In connection with the Merger, Acquisition Corp. conducted a cash tender offer
and consent solicitation for all of the $189.0 million aggregate principal
amount of the Company's 11.75% senior notes due 2011 (the "11.75% Senior
Notes"). On February 14, 2007, the Company paid $187.0 million aggregate
principal amount for all of the notes tendered. In
connection with the tender offer and consent solicitation, the Company entered
into a supplemental indenture for the 11.75%
Senior Notes. The supplemental indenture effected certain amendments to the
original indenture, primarily to eliminate
substantially all of the restrictive covenants and certain events of default
triggered or implicated by the Merger. $2.0 million aggregate principal amount
of the 11.75% Senior Notes remain outstanding.
In
addition, on February 14, 2007, the Company issued $400.0 million aggregate
principal amount of 9.75% senior notes due 2014 (the "9.75% Senior Notes")
pursuant to an
indenture by and among the Company, certain subsidiary guarantors and LaSalle
Bank National Association, as trustee.
The Company also entered into an Amended and Restated Loan and Security Agreement with
Wells Fargo Foothill, Inc. with a maximum credit amount of $25.0 million,
subject to certain borrowing base limitations. All obligations are
unconditionally guaranteed by the Company's domestic subsidiaries that are not
borrowers under the new facility, subject to customary exceptions, exclusions and release mechanisms. The new facility
is secured by a lien on substantially all of the Company's domestic
assets, including equity interests in the company's U.S. subsidiaries.

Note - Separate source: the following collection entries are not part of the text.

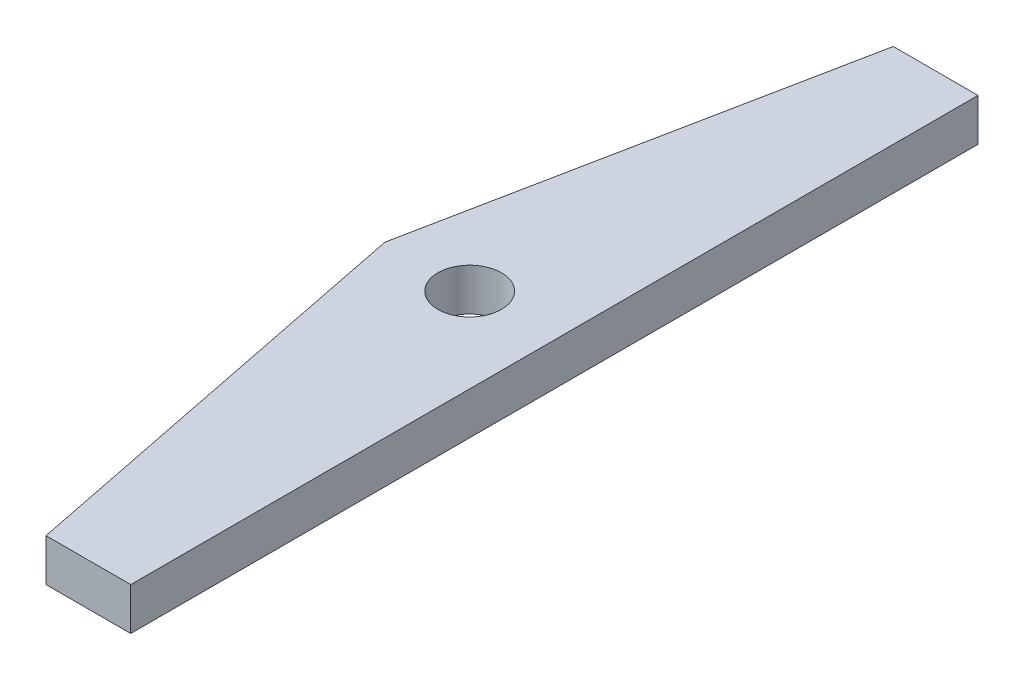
from build123d import *

# Parameters (mm, degrees)
SKETCH1_R      = 2.25
EXTRUDE1_DEPTH = 3


with BuildPart() as part:
    # Sketch1 → Extrude1 (new body)
    with BuildSketch(Plane(origin=(0, 0, 0), x_dir=(1, 0, 0), z_dir=(0, 1, 0))):
        Polygon((0, -30), (0, 30), (-6, 30), (-12, 0), (-6, -30), align=None)
        with Locations(Location((-6, 0, 0), (0, 0, 270))):
            Circle(SKETCH1_R, mode=Mode.SUBTRACT)
    extrude(amount=EXTRUDE1_DEPTH)


solid = part.part

Pursuant to the Merger, all of the Company's outstanding common stock (other
than shares owned by ValueAct Capital and certain shares owned by management investors, which were contributed for ownership in Holdings) was exchanged for $3.70 per share.
NOTE B-BASIS OF PRESENTATION
The accompanying condensed consolidated financial statements of Seitel, Inc. and its subsidiaries have been prepared in accordance with generally accepted accounting principles for interim financial information and with the instructions of Regulation S-X. Accordingly, they do not include all of the information and notes required by accounting principles generally accepted in the United States for complete financial statements. In the opinion of management, all adjustments (consisting of normal recurring adjustments) considered necessary for a fair presentation have been included. In preparing the Company's financial statements, a number of estimates and assumptions are made by management that affect the accounting for and recognition of assets, liabilities, revenues and expenses. The condensed consolidated balance sheet of the Company as of December 31, 2007, has been derived from the audited balance sheet of the Company as of that date. These financial statements should be read in conjunction with the financial statements and notes thereto for the year ended December 31, 2007 contained in the Company's Annual Report on Form 10-K.
Although
the Company continues as the same legal entity after the Merger, the consolidated
financial statements for 2007 are presented for two periods: January 1, 2007
through February 13, 2007 (the "Predecessor Period" or "Predecessor,"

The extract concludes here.